Health Organization and the World Health Assembly on several occasions. [2]

* HIV-specific travel restrictions are discriminatory and contribute to the

stigmatization of people living with HIV.

* HIV-related travel restrictions are anachronisms, and highly inappropriate in

the age of globalization, increased travel,

treatment for HIV, and national and international commitments to

universal access to HIV prevention, treatment, care and support.

* There is no demonstrated proof that the spectre of a huge negative

economic impact on countries without travel restrictions is valid. In

fact, the evidence points to the opposite in a country like Brazil,

where there is universal access to treatment and there are no travel

restrictions. There has been no flood of HIV positive travellers (short or

long-term) streaming across the borders to claim treatment, placing a burden on

Brazilian society.

* Long-term travel restrictions that single out HIV, as opposed to comparable

conditions, are also discriminatory. Any restriction based on fear of costs must

be based on an individual determination that such costs will actually be

incurred.

Any human rights or humanitarian concerns, such as need for asylum,

should always trump economic considerations.

* The commitment of organizations and governments to the GIPA principle (Greater

Involvement of People Living with HIV or AIDS) is regularly undermined by

HIV-related travel restrictions, when HIV positive speakers, resource people and

leaders, cannot enter countries to take part in meetings, programs or planning.

UNAIDS and The Global Fund to Fight AIDS, Tuberculosis and Malaria are

working together against such restrictions and have created an

International Task Team on HIV-related Travel Restrictions, which

comprises representatives of governments, UN agencies and civil

society, including people living with HIV. They will be issuing their

report and recommendations later this year, as well as providing tools

to support governments in taking the steps to remove their restrictions.
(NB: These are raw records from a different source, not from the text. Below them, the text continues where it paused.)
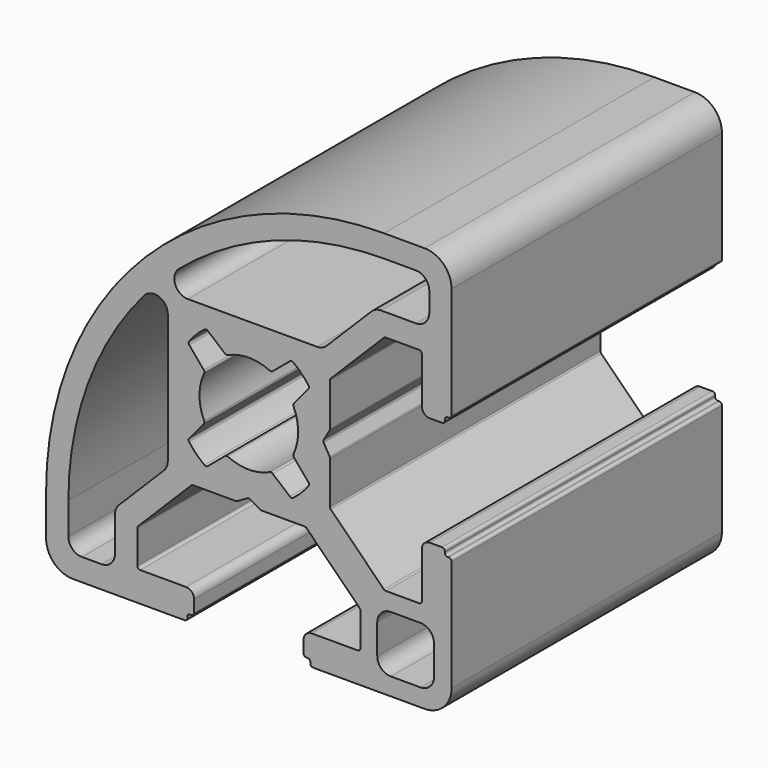
from build123d import *

# Parameters (mm, degrees)
F1_DEPTH = 25


# Not quite as in the source:
# - ends of sketch curves that miss each other by under 0.0002 mm in the source are joined


with BuildPart() as f1:
    # F0 (on Front) → F1 (new body)
    with BuildSketch(Plane.XZ):
        with BuildLine():
            ThreePointArc((-8.25, -10.132843), (-8.2347759065, -10.0563063135), (-8.1914213562, -9.9914216438))
            Line((-8.1914213562, -9.9914216438), (-4.263045, -6.063045))
            ThreePointArc((-4.263045, -6.063045), (-4.1981606865, -6.0196900935), (-4.121624, -6.004466))
            Line((-4.121624, -6.004466), (-0.95359, -6.004466))
            ThreePointArc((-0.95359, -6.004466), (-0.9018261715, -5.99765116), (-0.853589965, -5.9776710606))
            Line((-0.853589965, -5.9776710606), (-0.1, -5.542586))
            ThreePointArc((-0.1, -5.542586), (0, -5.515791), (0.100000035, -5.5425859394))
            Line((0.100000035, -5.5425859394), (0.85359, -5.977671))
            ThreePointArc((0.85359, -5.977671), (0.9018261715, -5.99765116), (0.95359, -6.004466))
            Line((0.95359, -6.004466), (4.121623, -6.004466))
            ThreePointArc((4.121623, -6.004466), (4.1981600131, -6.0196902288), (4.2630448562, -6.0630451438))
            Line((4.2630448562, -6.0630451438), (8.191421, -9.991421))
            ThreePointArc((8.191421, -9.991421), (8.2347757712, -10.0563059869), (8.25, -10.132843))
            Line((8.25, -10.132843), (8.25, -12.6))
            ThreePointArc((8.25, -12.6), (8.1914213562, -12.7414213562), (8.05, -12.8))
            Line((8.05, -12.8), (4.65, -12.8))
            ThreePointArc((4.65, -12.8), (4.2257359313, -12.9757359313), (4.05, -13.4))
            Line((4.05, -13.4), (4.05, -14.3))
            ThreePointArc((4.05, -14.3), (4.1085786438, -14.4414213562), (4.25, -14.5))
            Line((4.25, -14.5), (4.35, -14.5))
            ThreePointArc((4.35, -14.5), (4.4914213562, -14.5585786438), (4.55, -14.7))
            Line((4.55, -14.7), (4.55, -14.8))
            ThreePointArc((4.55, -14.8), (4.6085786438, -14.9414213562), (4.75, -15))
            Line((4.75, -15), (13, -15))
            ThreePointArc((13, -15), (14.4142135624, -14.4142135624), (15, -13))
            Line((15, -13), (15, -4.75))
            ThreePointArc((15, -4.75), (14.9414213562, -4.6085786438), (14.8, -4.55))
            Line((14.8, -4.55), (14.7, -4.55))
            ThreePointArc((14.7, -4.55), (14.5585786438, -4.4914213562), (14.5, -4.35))
            Line((14.5, -4.35), (14.5, -4.25))
            ThreePointArc((14.5, -4.25), (14.4414213562, -4.1085786438), (14.3, -4.05))
            Line((14.3, -4.05), (13.4, -4.05))
            ThreePointArc((13.4, -4.05), (12.9757359313, -4.2257359313), (12.8, -4.65))
            Line((12.8, -4.65), (12.8, -8.05))
            ThreePointArc((12.8, -8.05), (12.7414213562, -8.1914213562), (12.6, -8.25))
            Line((12.6, -8.25), (10.132843, -8.25))
            ThreePointArc((10.132843, -8.25), (10.0563063135, -8.2347759065), (9.9914216438, -8.1914213562))
            Line((9.9914216438, -8.1914213562), (6.063045, -4.263045))
            ThreePointArc((6.063045, -4.263045), (6.0196900935, -4.1981606865), (6.004466, -4.121624))
            Line((6.004466, -4.121624), (6.004466, -0.95359))
            ThreePointArc((6.004466, -0.95359), (5.99765116, -0.9018261715), (5.9776710606, -0.853589965))
            Line((5.9776710606, -0.853589965), (5.542586, -0.1))
            ThreePointArc((5.542586, -0.1), (5.515791, 0), (5.5425859394, 0.100000035))
            Line((5.5425859394, 0.100000035), (5.977671, 0.85359))
            ThreePointArc((5.977671, 0.85359), (5.99765116, 0.9018261715), (6.004466, 0.95359))
            Line((6.004466, 0.95359), (6.004466, 4.121623))
            ThreePointArc((6.004466, 4.121623), (6.0196902288, 4.1981600131), (6.0630451438, 4.2630448562))
            Line((6.0630451438, 4.2630448562), (9.991421, 8.191421))
            ThreePointArc((9.991421, 8.191421), (10.0563059869, 8.2347757712), (10.132843, 8.25))
            Line((10.132843, 8.25), (12.6, 8.25))
            ThreePointArc((12.6, 8.25), (12.7414213562, 8.1914213562), (12.8, 8.05))
            Line((12.8, 8.05), (12.8, 4.65))
            ThreePointArc((12.8, 4.65), (12.9757359313, 4.2257359313), (13.4, 4.05))
            Line((13.4, 4.05), (14.3, 4.05))
            ThreePointArc((14.3, 4.05), (14.4414213562, 4.1085786438), (14.5, 4.25))
            Line((14.5, 4.25), (14.5, 4.35))
            ThreePointArc((14.5, 4.35), (14.5585786438, 4.4914213562), (14.7, 4.55))
            Line((14.7, 4.55), (14.8, 4.55))
            ThreePointArc((14.8, 4.55), (14.9414213562, 4.6085786438), (15, 4.75))
            Line((15, 4.75), (15, 13))
            ThreePointArc((15, 13), (14.4142135624, 14.4142135624), (13, 15))
            Line((13, 15), (10, 15))
            ThreePointArc((10, 15), (-7.6776695297, 7.6776695297), (-15, -10))
            Line((-15, -10), (-15, -13))
            ThreePointArc((-15, -13), (-14.4142135624, -14.4142135624), (-13, -15))
            Line((-13, -15), (-4.75, -15))
            ThreePointArc((-4.75, -15), (-4.6085786438, -14.9414213562), (-4.55, -14.8))
            Line((-4.55, -14.8), (-4.55, -14.7))
            ThreePointArc((-4.55, -14.7), (-4.4914213562, -14.5585786438), (-4.35, -14.5))
            Line((-4.35, -14.5), (-4.25, -14.5))
            ThreePointArc((-4.25, -14.5), (-4.1085786438, -14.4414213562), (-4.05, -14.3))
            Line((-4.05, -14.3), (-4.05, -13.4))
            ThreePointArc((-4.05, -13.4), (-4.2257359313, -12.9757359313), (-4.65, -12.8))
            Line((-4.65, -12.8), (-8.05, -12.8))
            ThreePointArc((-8.05, -12.8), (-8.1914213562, -12.7414213562), (-8.25, -12.6))
            Line((-8.25, -12.6), (-8.25, -10.132843))
        make_face()
        with BuildLine():
            ThreePointArc((-13.35, -10), (-11.9068957969, -1.9185139644), (-7.7559600391, 5.1640490334))
            ThreePointArc((-7.7559600391, 5.1640490334), (-6.6494316246, 5.4528217522), (-5.995534, 4.514625))
            Line((-5.995534, 4.514625), (-5.995534, -5.047868))
            ThreePointArc((-5.995534, -5.047868), (-6.0716544675, -5.4305514324), (-6.2884272188, -5.7549747812))
            Line((-6.2884272188, -5.7549747812), (-9.607107, -9.073654))
            ThreePointArc((-9.607107, -9.073654), (-9.8238795325, -9.3980775676), (-9.9, -9.780761))
            Line((-9.9, -9.780761), (-9.9, -12.35))
            ThreePointArc((-9.9, -12.35), (-10.1928932188, -13.0571067812), (-10.9, -13.35))
            Line((-10.9, -13.35), (-12.35, -13.35))
            ThreePointArc((-12.35, -13.35), (-13.0571067812, -13.0571067812), (-13.35, -12.35))
            Line((-13.35, -12.35), (-13.35, -10))
        make_face(mode=Mode.SUBTRACT)
        with BuildLine():
            Line((10.5, -9.5), (12.7, -9.5))
            ThreePointArc((12.7, -9.5), (13.4071067812, -9.7928932188), (13.7, -10.5))
            Line((13.7, -10.5), (13.7, -12.7))
            ThreePointArc((13.7, -12.7), (13.4071067812, -13.4071067812), (12.7, -13.7))
            Line((12.7, -13.7), (10.5, -13.7))
            ThreePointArc((10.5, -13.7), (9.7928932188, -13.4071067812), (9.5, -12.7))
            Line((9.5, -12.7), (9.5, -10.5))
            ThreePointArc((9.5, -10.5), (9.7928932188, -9.7928932188), (10.5, -9.5))
        make_face(mode=Mode.SUBTRACT)
        with BuildLine():
            ThreePointArc((3.0353602524, 4.4052226992), (3.1580769226, 4.4519286863), (3.2833112184, 4.4124672935))
            ThreePointArc((3.2833112184, 4.4124672935), (3.8890875076, 3.8890870855), (4.4124676372, 3.2833107301))
            ThreePointArc((4.4124676372, 3.2833107301), (4.4519286776, 3.1580766242), (4.4052226992, 3.0353602524))
            Line((4.4052226992, 3.0353602524), (3.334407, 1.759212))
            ThreePointArc((3.334407, 1.759212), (3.2893137224, 1.6566579747), (3.3064409894, 1.545944995))
            ThreePointArc((3.3064409894, 1.545944995), (3.65, 0), (3.3064412445, -1.5459451143))
            ThreePointArc((3.3064412445, -1.5459451143), (3.2893137224, -1.6566579747), (3.3344073008, -1.7592117476))
            Line((3.3344073008, -1.7592117476), (4.405223, -3.03536))
            ThreePointArc((4.405223, -3.03536), (4.4519286863, -3.1580769226), (4.4124672935, -3.2833112184))
            ThreePointArc((4.4124672935, -3.2833112184), (3.8890870855, -3.8890875076), (3.2833107301, -4.4124676372))
            ThreePointArc((3.2833107301, -4.4124676372), (3.1580766242, -4.4519286776), (3.0353602524, -4.4052226992))
            Line((3.0353602524, -4.4052226992), (1.759212, -3.334407))
            ThreePointArc((1.759212, -3.334407), (1.6566579747, -3.2893137224), (1.545944995, -3.3064409894))
            ThreePointArc((1.545944995, -3.3064409894), (0, -3.65), (-1.5459451143, -3.3064412445))
            ThreePointArc((-1.5459451143, -3.3064412445), (-1.6566579747, -3.2893137224), (-1.7592117476, -3.3344073008))
            Line((-1.7592117476, -3.3344073008), (-3.03536, -4.405223))
            ThreePointArc((-3.03536, -4.405223), (-3.1580769226, -4.4519286863), (-3.2833112184, -4.4124672935))
            ThreePointArc((-3.2833112184, -4.4124672935), (-3.8890875076, -3.8890870855), (-4.4124676372, -3.2833107301))
            ThreePointArc((-4.4124676372, -3.2833107301), (-4.4519286776, -3.1580766242), (-4.4052226992, -3.0353602524))
            Line((-4.4052226992, -3.0353602524), (-3.334407, -1.759212))
            ThreePointArc((-3.334407, -1.759212), (-3.2893137224, -1.6566579747), (-3.3064409894, -1.545944995))
            ThreePointArc((-3.3064409894, -1.545944995), (-3.65, 0), (-3.3064412445, 1.5459451143))
            ThreePointArc((-3.3064412445, 1.5459451143), (-3.2893137224, 1.6566579747), (-3.3344073008, 1.7592117476))
            Line((-3.3344073008, 1.7592117476), (-4.405223, 3.03536))
            ThreePointArc((-4.405223, 3.03536), (-4.4519286863, 3.1580769226), (-4.4124672935, 3.2833112184))
            ThreePointArc((-4.4124672935, 3.2833112184), (-3.8890870855, 3.8890875076), (-3.2833107301, 4.4124676372))
            ThreePointArc((-3.2833107301, 4.4124676372), (-3.1580766242, 4.4519286776), (-3.0353602524, 4.4052226992))
            Line((-3.0353602524, 4.4052226992), (-1.759212, 3.334407))
            ThreePointArc((-1.759212, 3.334407), (-1.6566579747, 3.2893137224), (-1.545944995, 3.3064409894))
            ThreePointArc((-1.545944995, 3.3064409894), (0, 3.65), (1.5459451143, 3.3064412445))
            ThreePointArc((1.5459451143, 3.3064412445), (1.6566579747, 3.2893137224), (1.7592117476, 3.3344073008))
            Line((1.7592117476, 3.3344073008), (3.0353602524, 4.4052226992))
        make_face(mode=Mode.SUBTRACT)
        with BuildLine():
            ThreePointArc((-4.514625, 5.995534), (-5.4528210376, 6.6494323984), (-5.1640477551, 7.7559607133))
            ThreePointArc((-5.1640477551, 7.7559607133), (1.9185146258, 11.9068960409), (10, 13.35))
            Line((10, 13.35), (12.35, 13.35))
            ThreePointArc((12.35, 13.35), (13.0571067812, 13.0571067812), (13.35, 12.35))
            Line((13.35, 12.35), (13.35, 10.9))
            ThreePointArc((13.35, 10.9), (13.0571067812, 10.1928932188), (12.35, 9.9))
            Line((12.35, 9.9), (9.780761, 9.9))
            ThreePointArc((9.780761, 9.9), (9.3980778943, 9.8238796678), (9.0736547188, 9.6071072812))
            Line((9.0736547188, 9.6071072812), (5.754975, 6.288427))
            ThreePointArc((5.754975, 6.288427), (5.4305514324, 6.0716544675), (5.047868, 5.995534))
            Line((5.047868, 5.995534), (-4.514625, 5.995534))
        make_face(mode=Mode.SUBTRACT)
    extrude(amount=F1_DEPTH)


solid = f1.part

The Global Fund decided that it would not hold Board Meetings in

countries that restrict short-term entry of people living with HIV or

require prospective HIV-positive visitors to declare their HIV status on entry.

What you can do

1. We ask you to rescind HIV-specific travel restrictions; and

instead, take steps to ensure access to HIV prevention, treatment, care and

support for mobile populations, both nationals and non-nationals.

2. We are asking you to use the upcoming 2008 UN high-level

meeting on AIDS as a moment to announce the elimination of these

restrictions by your government.

3. We are asking you to take up the issue of travel restrictions

with other governments where they are applied to your citizens seeking

to travel or migrate.

4. We are asking you to meet with people living with HIV, who

will be in New York at the high-level meeting to hear first-hand their

experience of discrimination and stigmatization caused by travel

restrictions.

5. We implore you to not hold international conferences that are

relevant to the response to HIV and AIDS in countries with HIV-related

travel restrictions. Future UN high-level meetings or Reviews on AIDS

should not be held in countries with such restrictions.